第十九話・歳の違い
「ふう、ヒドイ目にあったぜ......」
「たはは...ゴメン、ゴメン。この姿での力加減がいまいち掴めてなくってさあ♪」
ルコールが苦笑しながら頭をポリポリと掻いて、気絶から回復した俺に対し、言い訳な苦しい謝罪をしてくる。
「それで殺されかけりゃ世話ないわっ!」
.....ったく、まぁいい。
「それよりも宝を貰うっていう目的も済んだ事だし、さっさとここから脱出するとしようか!」
そろそろ、この目に青空を焼きつけてやりたいしな。
「...という訳なので、外に出る為の道案内をよろしむ頼んだぞ、ルコール!」
俺がルコールにそう声を掛けると、
「オッケー、任せてレンヤ! それじゃ早速、お外へとレッツラゴ~~♪」
ルコールはニコッとした笑顔を浮かべてサムズアップをビシッと決めると、部屋の門に向かって猛ダッシュでスタタと駆けて行く。
「ちょっ!? パーティリーダーの俺を置いていくんじゃねぇ~~っ!」
俺を置いてきぼりしてさっさと先に駆けて行くルコールの後を慌てて追い駆けて行き、この洞窟の出口へと向かう。
―――それから数十分後。
「お~い、レンヤ~! あそこの先に見えるT路地を右に抜け、三つ目の左を曲ってそのまま真っ直ぐに通路を抜けると、その先に外へ出る為の出口が見えてくるよ~♪」
お日様の様な笑顔でルコールがレンヤに手を大きく振りながらそう述べると、再び猛ダッシュで出口のある通路へと駆けて行く。

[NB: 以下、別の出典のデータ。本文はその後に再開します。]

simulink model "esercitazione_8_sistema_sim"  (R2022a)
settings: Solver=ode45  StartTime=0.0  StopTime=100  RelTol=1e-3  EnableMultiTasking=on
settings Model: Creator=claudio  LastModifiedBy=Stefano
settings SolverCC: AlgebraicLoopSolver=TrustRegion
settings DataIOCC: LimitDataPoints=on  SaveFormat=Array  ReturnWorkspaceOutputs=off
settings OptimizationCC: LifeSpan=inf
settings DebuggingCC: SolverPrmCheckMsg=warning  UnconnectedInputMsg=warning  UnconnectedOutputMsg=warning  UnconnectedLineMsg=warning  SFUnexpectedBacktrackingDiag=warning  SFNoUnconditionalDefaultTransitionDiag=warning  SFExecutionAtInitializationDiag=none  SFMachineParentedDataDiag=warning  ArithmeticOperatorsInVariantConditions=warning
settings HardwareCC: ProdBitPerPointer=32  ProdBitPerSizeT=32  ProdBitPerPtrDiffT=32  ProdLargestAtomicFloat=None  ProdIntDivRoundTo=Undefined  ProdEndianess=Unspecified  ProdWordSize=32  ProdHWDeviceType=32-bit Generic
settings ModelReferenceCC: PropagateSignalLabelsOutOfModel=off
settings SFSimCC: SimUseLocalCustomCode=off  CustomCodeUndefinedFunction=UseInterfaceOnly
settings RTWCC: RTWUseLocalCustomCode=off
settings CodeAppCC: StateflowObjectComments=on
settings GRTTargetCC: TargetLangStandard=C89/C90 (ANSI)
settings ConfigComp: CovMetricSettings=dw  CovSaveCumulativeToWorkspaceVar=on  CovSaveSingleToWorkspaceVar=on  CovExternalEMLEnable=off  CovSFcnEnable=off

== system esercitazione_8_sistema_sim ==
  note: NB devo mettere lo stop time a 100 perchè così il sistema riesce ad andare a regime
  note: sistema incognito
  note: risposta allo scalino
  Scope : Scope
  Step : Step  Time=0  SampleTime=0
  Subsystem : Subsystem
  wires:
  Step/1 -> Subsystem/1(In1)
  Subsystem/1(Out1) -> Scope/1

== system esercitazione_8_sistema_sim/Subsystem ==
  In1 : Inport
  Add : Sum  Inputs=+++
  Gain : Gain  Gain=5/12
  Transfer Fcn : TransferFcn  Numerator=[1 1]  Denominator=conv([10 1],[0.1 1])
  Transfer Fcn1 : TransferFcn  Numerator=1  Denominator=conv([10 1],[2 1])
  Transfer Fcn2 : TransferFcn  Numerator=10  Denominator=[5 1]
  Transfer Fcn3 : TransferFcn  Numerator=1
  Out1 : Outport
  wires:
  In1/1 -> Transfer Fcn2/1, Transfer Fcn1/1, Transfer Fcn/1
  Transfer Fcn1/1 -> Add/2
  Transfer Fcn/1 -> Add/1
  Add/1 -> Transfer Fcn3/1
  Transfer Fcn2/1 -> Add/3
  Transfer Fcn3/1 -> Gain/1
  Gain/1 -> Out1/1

「ハァハァ...ち、ちょっと待ってくれぇ...ぇ...マ、マジで待ってくれって! は...速い......ハァ...ハァ...い、移動速...度が...は、速過ぎる...ってぇぇえ! お、おっさんと若者の走るスピードを...い、一緒にする...な......ハァハァ」
衰える事のないスピードで出口に駆けて行くルコールに、体力の限界を完全に越えた俺は右~左~とフラフラな動きで愚痴と文句をこぼす。
あ、あの部屋から...ハァハァ...ど、どれだけ...ハァ...は、走ってきたと...ハァハァ...お、思って...いるんだ.......っ!
さ、三十分だぞ! 三十分っ!!
「ハァァァアアッ! もう、限界だあぁぁぁあああっ!!」
俺は腕に装備していた時計を見て通過した時間を確認すると、吐き気にも似た溜め息が思いっきり口から洩れる。
そして地面に倒れる様に腰を落として休憩する。
「ったく~レンヤはだらしないなぁ~! 大体、歳で言うんなら、あたしは今年で五百十六歳だからレンヤより圧倒的に年上なんだからねっ!」
「はあ!! お前、ご、五百十六歳のババァの癖にそんな乙女チックな格好をしてんの? うわ~めっちゃ恥ず――――ウギャッ!!?」
ルコールの歳を聞き、その年齢で着るには少々キツイんじゃという服装に対して苦笑をこぼすレンヤに、ルコールが眉をヒクヒクさせながら大きくジャンプし、レンヤの土手っ腹に目掛けてドロップキックを炸裂させる。
「女性の歳やファッションを笑うなんて失礼極まりないぞ、レンヤッ! ベェェエ~~だっ!」
そして不機嫌全開の顔で、ルコールは俺に向かって思いっきりアカンベーをしてきた。
いてて...
ルコールにとって、今の発言は禁句だったか。
まぁ確かに俺もそんな歳の癖にってよく言われて、めっちゃ腹を立てていったっけ?
しかしルコールの奴め、五百歳過ぎてるっていうのにあんなにも若々しいのか。
ダァァァ! 羨ましいぃぃぃぃいっ!!
俺なんか、あいつの約二十分一の年齢でガタガタ身体なんですけどっ!!
目の前で元気いっぱいにプンプンと怒っているルコールと、疲れ果てて地面に転がり、肩でゼェーゼェーと息をしている体たらくな自分とを見比べ、悲しいまでに憐憫な気持ちに陥ってしまう俺だった。